The not-so-good news

  • Mileage deduction rates go down: Business miles are deductible at 50 cents per mile (down from 55 cents in 2009); Charitable miles are deductible at 14 cents per mile (unchanged); If you are on the road to recovery, medical travel is deductible at 16.5 cents per mile (down from 24 cents in 2009).

  • Bonus depreciation goes away: Bonus depreciation of 50% of qualified business expenditures expired at the end of 2009.

  • Non-itemized real-estate tax deductions: In 2009, homeowners who did not itemize deductions were able to deduct their real estate taxes in addition to their standard deduction.
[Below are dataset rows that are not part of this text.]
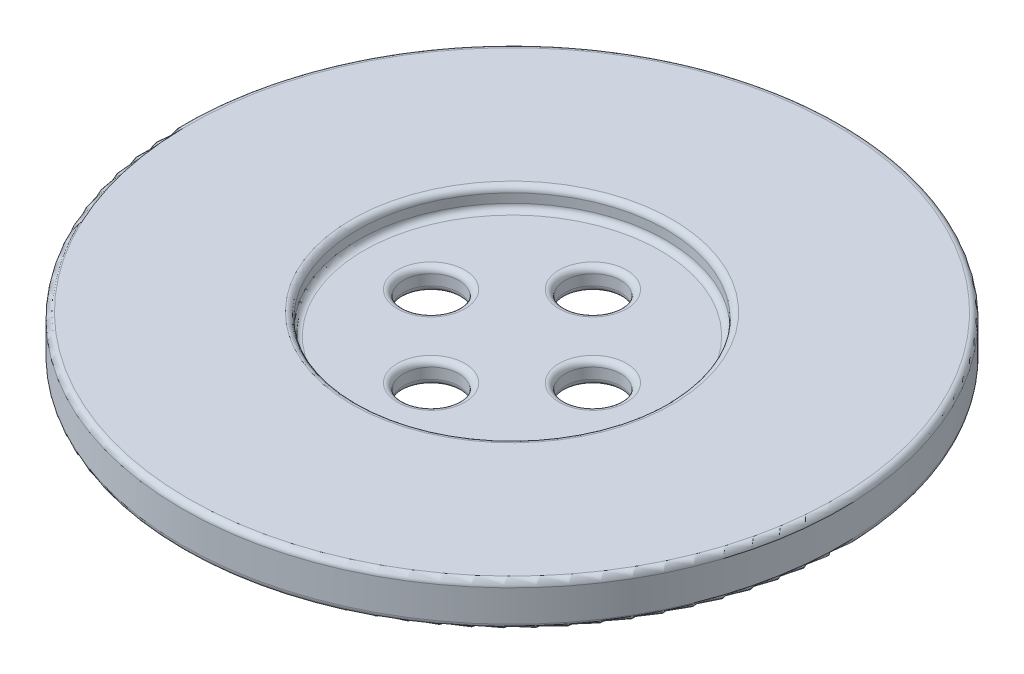
ISO-10303-21;
HEADER;
FILE_DESCRIPTION(('STEP AP214'),'2;1');
FILE_NAME('part.step','',(''),(''),'','','');
FILE_SCHEMA(('AUTOMOTIVE_DESIGN { 1 0 10303 214 1 1 1 1 }'));
ENDSEC;
DATA;
#1=APPLICATION_CONTEXT('core data for automotive mechanical design processes');
#2=APPLICATION_PROTOCOL_DEFINITION('international standard','automotive_design',2000,#1);
#3=PRODUCT_CONTEXT('',#1,'mechanical');
#4=PRODUCT('Part','Part','',(#3));
#5=PRODUCT_RELATED_PRODUCT_CATEGORY('part','',(#4));
#6=PRODUCT_DEFINITION_FORMATION('','',#4);
#7=PRODUCT_DEFINITION_CONTEXT('part definition',#1,'design');
#8=PRODUCT_DEFINITION('design','',#6,#7);
#9=PRODUCT_DEFINITION_SHAPE('','',#8);
#10=(LENGTH_UNIT() NAMED_UNIT(*) SI_UNIT(.MILLI.,.METRE.));
#11=(NAMED_UNIT(*) PLANE_ANGLE_UNIT() SI_UNIT($,.RADIAN.));
#12=(NAMED_UNIT(*) SI_UNIT($,.STERADIAN.) SOLID_ANGLE_UNIT());
#13=UNCERTAINTY_MEASURE_WITH_UNIT(LENGTH_MEASURE(1.E-05),#10,'distance_accuracy_value','');
#14=(GEOMETRIC_REPRESENTATION_CONTEXT(3) GLOBAL_UNCERTAINTY_ASSIGNED_CONTEXT((#13)) GLOBAL_UNIT_ASSIGNED_CONTEXT((#10,
#11,#12)) REPRESENTATION_CONTEXT('',''));
#15=CARTESIAN_POINT('',(0.,0.,0.));
#16=DIRECTION('',(0.,0.,1.));
#17=DIRECTION('',(1.,0.,0.));
#18=AXIS2_PLACEMENT_3D('',#15,#16,#17);
#19=CARTESIAN_POINT('',(0.,2.9,-5.4));
#20=DIRECTION('',(0.,-1.,0.));
#21=DIRECTION('',(0.,0.,-1.));
#22=AXIS2_PLACEMENT_3D('',#19,#20,#21);
#23=CYLINDRICAL_SURFACE('',#22,1.85);
#24=CARTESIAN_POINT('',(0.,1.1,-5.4));
#25=DIRECTION('',(0.,1.,0.));
#26=DIRECTION('',(0.,0.,1.));
#27=AXIS2_PLACEMENT_3D('',#24,#25,#26);
#28=CIRCLE('',#27,1.85);
#29=CARTESIAN_POINT('',(0.,1.1,-3.55));
#30=VERTEX_POINT('',#29);
#31=EDGE_CURVE('E46',#30,#30,#28,.T.);
#32=ORIENTED_EDGE('',*,*,#31,.T.);
#33=EDGE_LOOP('',(#32));
#34=FACE_BOUND('',#33,.T.);
#35=CARTESIAN_POINT('',(0.,0.4,-5.4));
#36=DIRECTION('',(0.,1.,0.));
#37=DIRECTION('',(0.,0.,1.));
#38=AXIS2_PLACEMENT_3D('',#35,#36,#37);
#39=CIRCLE('',#38,1.85);
#40=CARTESIAN_POINT('',(0.,0.4,-3.55));
#41=VERTEX_POINT('',#40);
#42=EDGE_CURVE('E50',#41,#41,#39,.F.);
#43=ORIENTED_EDGE('',*,*,#42,.T.);
#44=EDGE_LOOP('',(#43));
#45=FACE_BOUND('',#44,.T.);
#46=ADVANCED_FACE('F35',(#34,#45),#23,.F.);
#47=CARTESIAN_POINT('',(5.4,2.9,0.));
#48=DIRECTION('',(0.,-1.,0.));
#49=DIRECTION('',(0.,0.,-1.));
#50=AXIS2_PLACEMENT_3D('',#47,#48,#49);
#51=CYLINDRICAL_SURFACE('',#50,1.85);
#52=CARTESIAN_POINT('',(5.4,1.1,0.));
#53=DIRECTION('',(0.,1.,0.));
#54=DIRECTION('',(0.,0.,1.));
#55=AXIS2_PLACEMENT_3D('',#52,#53,#54);
#56=CIRCLE('',#55,1.85);
#57=CARTESIAN_POINT('',(5.4,1.1,1.85));
#58=VERTEX_POINT('',#57);
#59=EDGE_CURVE('E55',#58,#58,#56,.T.);
#60=ORIENTED_EDGE('',*,*,#59,.T.);
#61=EDGE_LOOP('',(#60));
#62=FACE_BOUND('',#61,.T.);
#63=CARTESIAN_POINT('',(5.4,0.4,0.));
#64=DIRECTION('',(0.,1.,0.));
#65=DIRECTION('',(0.,0.,1.));
#66=AXIS2_PLACEMENT_3D('',#63,#64,#65);
#67=CIRCLE('',#66,1.85);
#68=CARTESIAN_POINT('',(5.4,0.4,1.85));
#69=VERTEX_POINT('',#68);
#70=EDGE_CURVE('E58',#69,#69,#67,.F.);
#71=ORIENTED_EDGE('',*,*,#70,.T.);
#72=EDGE_LOOP('',(#71));
#73=FACE_BOUND('',#72,.T.);
#74=ADVANCED_FACE('F177',(#62,#73),#51,.F.);
#75=CARTESIAN_POINT('',(0.,2.9,5.4));
#76=DIRECTION('',(0.,-1.,0.));
#77=DIRECTION('',(0.,0.,-1.));
#78=AXIS2_PLACEMENT_3D('',#75,#76,#77);
#79=CYLINDRICAL_SURFACE('',#78,1.85);
#80=CARTESIAN_POINT('',(0.,1.1,5.4));
#81=DIRECTION('',(0.,1.,0.));
#82=DIRECTION('',(0.,0.,1.));
#83=AXIS2_PLACEMENT_3D('',#80,#81,#82);
#84=CIRCLE('',#83,1.85);
#85=CARTESIAN_POINT('',(0.,1.1,7.25));
#86=VERTEX_POINT('',#85);
#87=EDGE_CURVE('E61',#86,#86,#84,.T.);
#88=ORIENTED_EDGE('',*,*,#87,.T.);
#89=EDGE_LOOP('',(#88));
#90=FACE_BOUND('',#89,.T.);
#91=CARTESIAN_POINT('',(0.,0.4,5.4));
#92=DIRECTION('',(0.,1.,0.));
#93=DIRECTION('',(0.,0.,1.));
#94=AXIS2_PLACEMENT_3D('',#91,#92,#93);
#95=CIRCLE('',#94,1.85);
#96=CARTESIAN_POINT('',(0.,0.4,7.25));
#97=VERTEX_POINT('',#96);
#98=EDGE_CURVE('E64',#97,#97,#95,.F.);
#99=ORIENTED_EDGE('',*,*,#98,.T.);
#100=EDGE_LOOP('',(#99));
#101=FACE_BOUND('',#100,.T.);
#102=ADVANCED_FACE('F183',(#90,#101),#79,.F.);
#103=CARTESIAN_POINT('',(-5.4,2.9,0.));
#104=DIRECTION('',(0.,-1.,0.));
#105=DIRECTION('',(0.,0.,-1.));
#106=AXIS2_PLACEMENT_3D('',#103,#104,#105);
#107=CYLINDRICAL_SURFACE('',#106,1.85);
#108=CARTESIAN_POINT('',(-5.4,1.1,0.));
#109=DIRECTION('',(0.,1.,0.));
#110=DIRECTION('',(0.,0.,1.));
#111=AXIS2_PLACEMENT_3D('',#108,#109,#110);
#112=CIRCLE('',#111,1.85);
#113=CARTESIAN_POINT('',(-5.4,1.1,1.85));
#114=VERTEX_POINT('',#113);
#115=EDGE_CURVE('E10',#114,#114,#112,.T.);
#116=ORIENTED_EDGE('',*,*,#115,.T.);
#117=EDGE_LOOP('',(#116));
#118=FACE_BOUND('',#117,.T.);
#119=CARTESIAN_POINT('',(-5.4,0.4,0.));
#120=DIRECTION('',(0.,1.,0.));
#121=DIRECTION('',(0.,0.,1.));
#122=AXIS2_PLACEMENT_3D('',#119,#120,#121);
#123=CIRCLE('',#122,1.85);
#124=CARTESIAN_POINT('',(-5.4,0.4,1.85));
#125=VERTEX_POINT('',#124);
#126=EDGE_CURVE('E42',#125,#125,#123,.F.);
#127=ORIENTED_EDGE('',*,*,#126,.T.);
#128=EDGE_LOOP('',(#127));
#129=FACE_BOUND('',#128,.T.);
#130=ADVANCED_FACE('F130',(#118,#129),#107,.F.);
#131=CARTESIAN_POINT('',(0.,2.9,0.));
#132=DIRECTION('',(0.,1.,0.));
#133=DIRECTION('',(0.,0.,1.));
#134=AXIS2_PLACEMENT_3D('',#131,#132,#133);
#135=PLANE('',#134);
#136=CARTESIAN_POINT('',(0.,2.9,0.));
#137=DIRECTION('',(0.,1.,0.));
#138=DIRECTION('',(0.,0.,1.));
#139=AXIS2_PLACEMENT_3D('',#136,#137,#138);
#140=CIRCLE('',#139,21.6);
#141=CARTESIAN_POINT('',(0.,2.9,21.6));
#142=VERTEX_POINT('',#141);
#143=EDGE_CURVE('E88',#142,#142,#140,.T.);
#144=ORIENTED_EDGE('',*,*,#143,.T.);
#145=EDGE_LOOP('',(#144));
#146=FACE_BOUND('',#145,.T.);
#147=CARTESIAN_POINT('',(0.,2.9,0.));
#148=DIRECTION('',(0.,1.,0.));
#149=DIRECTION('',(0.,0.,1.));
#150=AXIS2_PLACEMENT_3D('',#147,#148,#149);
#151=CIRCLE('',#150,10.7);
#152=CARTESIAN_POINT('',(0.,2.9,10.7));
#153=VERTEX_POINT('',#152);
#154=EDGE_CURVE('E91',#153,#153,#151,.F.);
#155=ORIENTED_EDGE('',*,*,#154,.T.);
#156=EDGE_LOOP('',(#155));
#157=FACE_BOUND('',#156,.T.);
#158=ADVANCED_FACE('F126',(#146,#157),#135,.T.);
#159=CARTESIAN_POINT('',(0.,0.,0.));
#160=DIRECTION('',(0.,1.,0.));
#161=DIRECTION('',(0.,0.,1.));
#162=AXIS2_PLACEMENT_3D('',#159,#160,#161);
#163=PLANE('',#162);
#164=CARTESIAN_POINT('',(0.,0.,0.));
#165=DIRECTION('',(0.,1.,0.));
#166=DIRECTION('',(0.,0.,1.));
#167=AXIS2_PLACEMENT_3D('',#164,#165,#166);
#168=CIRCLE('',#167,21.6);
#169=CARTESIAN_POINT('',(0.,0.,21.6));
#170=VERTEX_POINT('',#169);
#171=EDGE_CURVE('E94',#170,#170,#168,.F.);
#172=ORIENTED_EDGE('',*,*,#171,.T.);
#173=EDGE_LOOP('',(#172));
#174=FACE_BOUND('',#173,.T.);
#175=CARTESIAN_POINT('',(0.,0.,5.4));
#176=DIRECTION('',(0.,1.,0.));
#177=DIRECTION('',(0.,0.,1.));
#178=AXIS2_PLACEMENT_3D('',#175,#176,#177);
#179=CIRCLE('',#178,2.25);
#180=CARTESIAN_POINT('',(0.,0.,7.65));
#181=VERTEX_POINT('',#180);
#182=EDGE_CURVE('E97',#181,#181,#179,.T.);
#183=ORIENTED_EDGE('',*,*,#182,.T.);
#184=EDGE_LOOP('',(#183));
#185=FACE_BOUND('',#184,.T.);
#186=CARTESIAN_POINT('',(5.4,0.,0.));
#187=DIRECTION('',(0.,1.,0.));
#188=DIRECTION('',(0.,0.,1.));
#189=AXIS2_PLACEMENT_3D('',#186,#187,#188);
#190=CIRCLE('',#189,2.25);
#191=CARTESIAN_POINT('',(5.4,0.,2.25));
#192=VERTEX_POINT('',#191);
#193=EDGE_CURVE('E100',#192,#192,#190,.T.);
#194=ORIENTED_EDGE('',*,*,#193,.T.);
#195=EDGE_LOOP('',(#194));
#196=FACE_BOUND('',#195,.T.);
#197=CARTESIAN_POINT('',(0.,0.,-5.4));
#198=DIRECTION('',(0.,1.,0.));
#199=DIRECTION('',(0.,0.,1.));
#200=AXIS2_PLACEMENT_3D('',#197,#198,#199);
#201=CIRCLE('',#200,2.25);
#202=CARTESIAN_POINT('',(0.,0.,-3.15));
#203=VERTEX_POINT('',#202);
#204=EDGE_CURVE('E103',#203,#203,#201,.T.);
#205=ORIENTED_EDGE('',*,*,#204,.T.);
#206=EDGE_LOOP('',(#205));
#207=FACE_BOUND('',#206,.T.);
#208=CARTESIAN_POINT('',(-5.4,0.,0.));
#209=DIRECTION('',(0.,1.,0.));
#210=DIRECTION('',(0.,0.,1.));
#211=AXIS2_PLACEMENT_3D('',#208,#209,#210);
#212=CIRCLE('',#211,2.25);
#213=CARTESIAN_POINT('',(-5.4,0.,2.25));
#214=VERTEX_POINT('',#213);
#215=EDGE_CURVE('E106',#214,#214,#212,.T.);
#216=ORIENTED_EDGE('',*,*,#215,.T.);
#217=EDGE_LOOP('',(#216));
#218=FACE_BOUND('',#217,.T.);
#219=ADVANCED_FACE('F129',(#174,#185,#196,#207,#218),#163,.F.);
#220=CARTESIAN_POINT('',(0.,2.9,0.));
#221=DIRECTION('',(0.,-1.,0.));
#222=DIRECTION('',(0.,0.,-1.));
#223=AXIS2_PLACEMENT_3D('',#220,#221,#222);
#224=CYLINDRICAL_SURFACE('',#223,22.);
#225=CARTESIAN_POINT('',(0.,0.4,0.));
#226=DIRECTION('',(0.,1.,0.));
#227=DIRECTION('',(0.,0.,1.));
#228=AXIS2_PLACEMENT_3D('',#225,#226,#227);
#229=CIRCLE('',#228,22.);
#230=CARTESIAN_POINT('',(0.,0.4,22.));
#231=VERTEX_POINT('',#230);
#232=EDGE_CURVE('E109',#231,#231,#229,.T.);
#233=ORIENTED_EDGE('',*,*,#232,.T.);
#234=EDGE_LOOP('',(#233));
#235=FACE_BOUND('',#234,.T.);
#236=CARTESIAN_POINT('',(0.,2.5,0.));
#237=DIRECTION('',(0.,1.,0.));
#238=DIRECTION('',(0.,0.,1.));
#239=AXIS2_PLACEMENT_3D('',#236,#237,#238);
#240=CIRCLE('',#239,22.);
#241=CARTESIAN_POINT('',(0.,2.5,22.));
#242=VERTEX_POINT('',#241);
#243=EDGE_CURVE('E112',#242,#242,#240,.F.);
#244=ORIENTED_EDGE('',*,*,#243,.T.);
#245=EDGE_LOOP('',(#244));
#246=FACE_BOUND('',#245,.T.);
#247=ADVANCED_FACE('F116',(#235,#246),#224,.T.);
#248=CARTESIAN_POINT('',(0.,1.5,0.));
#249=DIRECTION('',(0.,1.,0.));
#250=DIRECTION('',(0.,0.,1.));
#251=AXIS2_PLACEMENT_3D('',#248,#249,#250);
#252=CYLINDRICAL_SURFACE('',#251,10.3);
#253=CARTESIAN_POINT('',(0.,2.5,0.));
#254=DIRECTION('',(0.,1.,0.));
#255=DIRECTION('',(0.,0.,1.));
#256=AXIS2_PLACEMENT_3D('',#253,#254,#255);
#257=CIRCLE('',#256,10.3);
#258=CARTESIAN_POINT('',(0.,2.5,10.3));
#259=VERTEX_POINT('',#258);
#260=EDGE_CURVE('E82',#259,#259,#257,.T.);
#261=ORIENTED_EDGE('',*,*,#260,.T.);
#262=EDGE_LOOP('',(#261));
#263=FACE_BOUND('',#262,.T.);
#264=CARTESIAN_POINT('',(0.,1.9,0.));
#265=DIRECTION('',(0.,1.,0.));
#266=DIRECTION('',(0.,0.,1.));
#267=AXIS2_PLACEMENT_3D('',#264,#265,#266);
#268=CIRCLE('',#267,10.3);
#269=CARTESIAN_POINT('',(0.,1.9,10.3));
#270=VERTEX_POINT('',#269);
#271=EDGE_CURVE('E85',#270,#270,#268,.F.);
#272=ORIENTED_EDGE('',*,*,#271,.T.);
#273=EDGE_LOOP('',(#272));
#274=FACE_BOUND('',#273,.T.);
#275=ADVANCED_FACE('F140',(#263,#274),#252,.F.);
#276=CARTESIAN_POINT('',(0.,1.5,0.));
#277=DIRECTION('',(0.,1.,0.));
#278=DIRECTION('',(0.,0.,1.));
#279=AXIS2_PLACEMENT_3D('',#276,#277,#278);
#280=PLANE('',#279);
#281=CARTESIAN_POINT('',(0.,1.5,0.));
#282=DIRECTION('',(0.,1.,0.));
#283=DIRECTION('',(0.,0.,1.));
#284=AXIS2_PLACEMENT_3D('',#281,#282,#283);
#285=CIRCLE('',#284,9.9);
#286=CARTESIAN_POINT('',(0.,1.5,9.9));
#287=VERTEX_POINT('',#286);
#288=EDGE_CURVE('E67',#287,#287,#285,.T.);
#289=ORIENTED_EDGE('',*,*,#288,.T.);
#290=EDGE_LOOP('',(#289));
#291=FACE_BOUND('',#290,.T.);
#292=CARTESIAN_POINT('',(0.,1.5,5.4));
#293=DIRECTION('',(0.,1.,0.));
#294=DIRECTION('',(0.,0.,1.));
#295=AXIS2_PLACEMENT_3D('',#292,#293,#294);
#296=CIRCLE('',#295,2.25);
#297=CARTESIAN_POINT('',(0.,1.5,7.65));
#298=VERTEX_POINT('',#297);
#299=EDGE_CURVE('E70',#298,#298,#296,.F.);
#300=ORIENTED_EDGE('',*,*,#299,.T.);
#301=EDGE_LOOP('',(#300));
#302=FACE_BOUND('',#301,.T.);
#303=CARTESIAN_POINT('',(5.4,1.5,0.));
#304=DIRECTION('',(0.,1.,0.));
#305=DIRECTION('',(0.,0.,1.));
#306=AXIS2_PLACEMENT_3D('',#303,#304,#305);
#307=CIRCLE('',#306,2.25);
#308=CARTESIAN_POINT('',(5.4,1.5,2.25));
#309=VERTEX_POINT('',#308);
#310=EDGE_CURVE('E73',#309,#309,#307,.F.);
#311=ORIENTED_EDGE('',*,*,#310,.T.);
#312=EDGE_LOOP('',(#311));
#313=FACE_BOUND('',#312,.T.);
#314=CARTESIAN_POINT('',(0.,1.5,-5.4));
#315=DIRECTION('',(0.,1.,0.));
#316=DIRECTION('',(0.,0.,1.));
#317=AXIS2_PLACEMENT_3D('',#314,#315,#316);
#318=CIRCLE('',#317,2.25);
#319=CARTESIAN_POINT('',(0.,1.5,-3.15));
#320=VERTEX_POINT('',#319);
#321=EDGE_CURVE('E76',#320,#320,#318,.F.);
#322=ORIENTED_EDGE('',*,*,#321,.T.);
#323=EDGE_LOOP('',(#322));
#324=FACE_BOUND('',#323,.T.);
#325=CARTESIAN_POINT('',(-5.4,1.5,0.));
#326=DIRECTION('',(0.,1.,0.));
#327=DIRECTION('',(0.,0.,1.));
#328=AXIS2_PLACEMENT_3D('',#325,#326,#327);
#329=CIRCLE('',#328,2.25);
#330=CARTESIAN_POINT('',(-5.4,1.5,2.25));
#331=VERTEX_POINT('',#330);
#332=EDGE_CURVE('E79',#331,#331,#329,.F.);
#333=ORIENTED_EDGE('',*,*,#332,.T.);
#334=EDGE_LOOP('',(#333));
#335=FACE_BOUND('',#334,.T.);
#336=ADVANCED_FACE('F143',(#291,#302,#313,#324,#335),#280,.T.);
#337=CARTESIAN_POINT('',(0.,0.4,0.));
#338=DIRECTION('',(0.,1.,0.));
#339=DIRECTION('',(0.,0.,1.));
#340=AXIS2_PLACEMENT_3D('',#337,#338,#339);
#341=TOROIDAL_SURFACE('',#340,21.6,0.4);
#342=ORIENTED_EDGE('',*,*,#171,.F.);
#343=EDGE_LOOP('',(#342));
#344=FACE_BOUND('',#343,.T.);
#345=ORIENTED_EDGE('',*,*,#232,.F.);
#346=EDGE_LOOP('',(#345));
#347=FACE_BOUND('',#346,.T.);
#348=ADVANCED_FACE('F122',(#344,#347),#341,.T.);
#349=CARTESIAN_POINT('',(0.,2.5,0.));
#350=DIRECTION('',(0.,1.,0.));
#351=DIRECTION('',(0.,0.,1.));
#352=AXIS2_PLACEMENT_3D('',#349,#350,#351);
#353=TOROIDAL_SURFACE('',#352,21.6,0.4);
#354=ORIENTED_EDGE('',*,*,#243,.F.);
#355=EDGE_LOOP('',(#354));
#356=FACE_BOUND('',#355,.T.);
#357=ORIENTED_EDGE('',*,*,#143,.F.);
#358=EDGE_LOOP('',(#357));
#359=FACE_BOUND('',#358,.T.);
#360=ADVANCED_FACE('F118',(#356,#359),#353,.T.);
#361=CARTESIAN_POINT('',(0.,2.5,0.));
#362=DIRECTION('',(0.,1.,0.));
#363=DIRECTION('',(0.,0.,1.));
#364=AXIS2_PLACEMENT_3D('',#361,#362,#363);
#365=TOROIDAL_SURFACE('',#364,10.7,0.4);
#366=ORIENTED_EDGE('',*,*,#154,.F.);
#367=EDGE_LOOP('',(#366));
#368=FACE_BOUND('',#367,.T.);
#369=ORIENTED_EDGE('',*,*,#260,.F.);
#370=EDGE_LOOP('',(#369));
#371=FACE_BOUND('',#370,.T.);
#372=ADVANCED_FACE('F121',(#368,#371),#365,.T.);
#373=CARTESIAN_POINT('',(0.,1.9,0.));
#374=DIRECTION('',(0.,1.,0.));
#375=DIRECTION('',(0.,0.,1.));
#376=AXIS2_PLACEMENT_3D('',#373,#374,#375);
#377=TOROIDAL_SURFACE('',#376,9.9,0.4);
#378=ORIENTED_EDGE('',*,*,#271,.F.);
#379=EDGE_LOOP('',(#378));
#380=FACE_BOUND('',#379,.T.);
#381=ORIENTED_EDGE('',*,*,#288,.F.);
#382=EDGE_LOOP('',(#381));
#383=FACE_BOUND('',#382,.T.);
#384=ADVANCED_FACE('F136',(#380,#383),#377,.F.);
#385=CARTESIAN_POINT('',(0.,1.1,5.4));
#386=DIRECTION('',(0.,1.,0.));
#387=DIRECTION('',(0.,0.,1.));
#388=AXIS2_PLACEMENT_3D('',#385,#386,#387);
#389=TOROIDAL_SURFACE('',#388,2.25,0.4);
#390=ORIENTED_EDGE('',*,*,#299,.F.);
#391=EDGE_LOOP('',(#390));
#392=FACE_BOUND('',#391,.T.);
#393=ORIENTED_EDGE('',*,*,#87,.F.);
#394=EDGE_LOOP('',(#393));
#395=FACE_BOUND('',#394,.T.);
#396=ADVANCED_FACE('F149',(#392,#395),#389,.T.);
#397=CARTESIAN_POINT('',(0.,0.4,5.4));
#398=DIRECTION('',(0.,1.,0.));
#399=DIRECTION('',(0.,0.,1.));
#400=AXIS2_PLACEMENT_3D('',#397,#398,#399);
#401=TOROIDAL_SURFACE('',#400,2.25,0.4);
#402=ORIENTED_EDGE('',*,*,#98,.F.);
#403=EDGE_LOOP('',(#402));
#404=FACE_BOUND('',#403,.T.);
#405=ORIENTED_EDGE('',*,*,#182,.F.);
#406=EDGE_LOOP('',(#405));
#407=FACE_BOUND('',#406,.T.);
#408=ADVANCED_FACE('F200',(#404,#407),#401,.T.);
#409=CARTESIAN_POINT('',(5.4,1.1,0.));
#410=DIRECTION('',(0.,1.,0.));
#411=DIRECTION('',(0.,0.,1.));
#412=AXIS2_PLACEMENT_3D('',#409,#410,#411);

They could deduct up to $500 (or up to $1,000 if married filing jointly). This primarily benefited taxpayers who had paid off their mortgage but still paid property tax on their home. This is gone in 2010.

  • College tuition deductions: The deduction for up to $4,000 of college tuition and fees expired after 2009.

  • IRA charitable donations: Beginning in 2010, IRA owners aged 70 ½ will lose the opportunity to directly donate part of their IRA to charity.

  • Child tax credit: The child tax credit of $1,000 reverts to $500 after 2010.

  • Long-term capital gains rates: The tax rate reduction for long-term capital gains and dividends is scheduled to expire in 2010. In 2011, the maximum long-term capital gains tax rate reverts to 20% from 15%.

  • AMT exemptions: We were given some relief from the Alternative Minimum Tax in 2009 with a temporary patch that set AMT exemption amounts at $70,950 for married filing jointly; $46,700 for single and head-of-household; and $35,475 for married filing separate. We are uncertain about 2010.

Stay informed, stay in touch

Now, more than ever, your CPA/financial advisor should be your best friend, even if he or she must sometimes be the bearer of bad news. With all the changes in 2009 and depending on the planning and tax-savings opportunities you’ve engaged in so far, you may be happily or unhappily surprised by what you discover upon completion of your tax returns. Either way, carpe diem on future planning. Just as you would prefer seeing your patients regularly for preventive care well before more invasive treatment becomes necessary, your CPA/financial advisor can be of best use to you if you are in regular touch.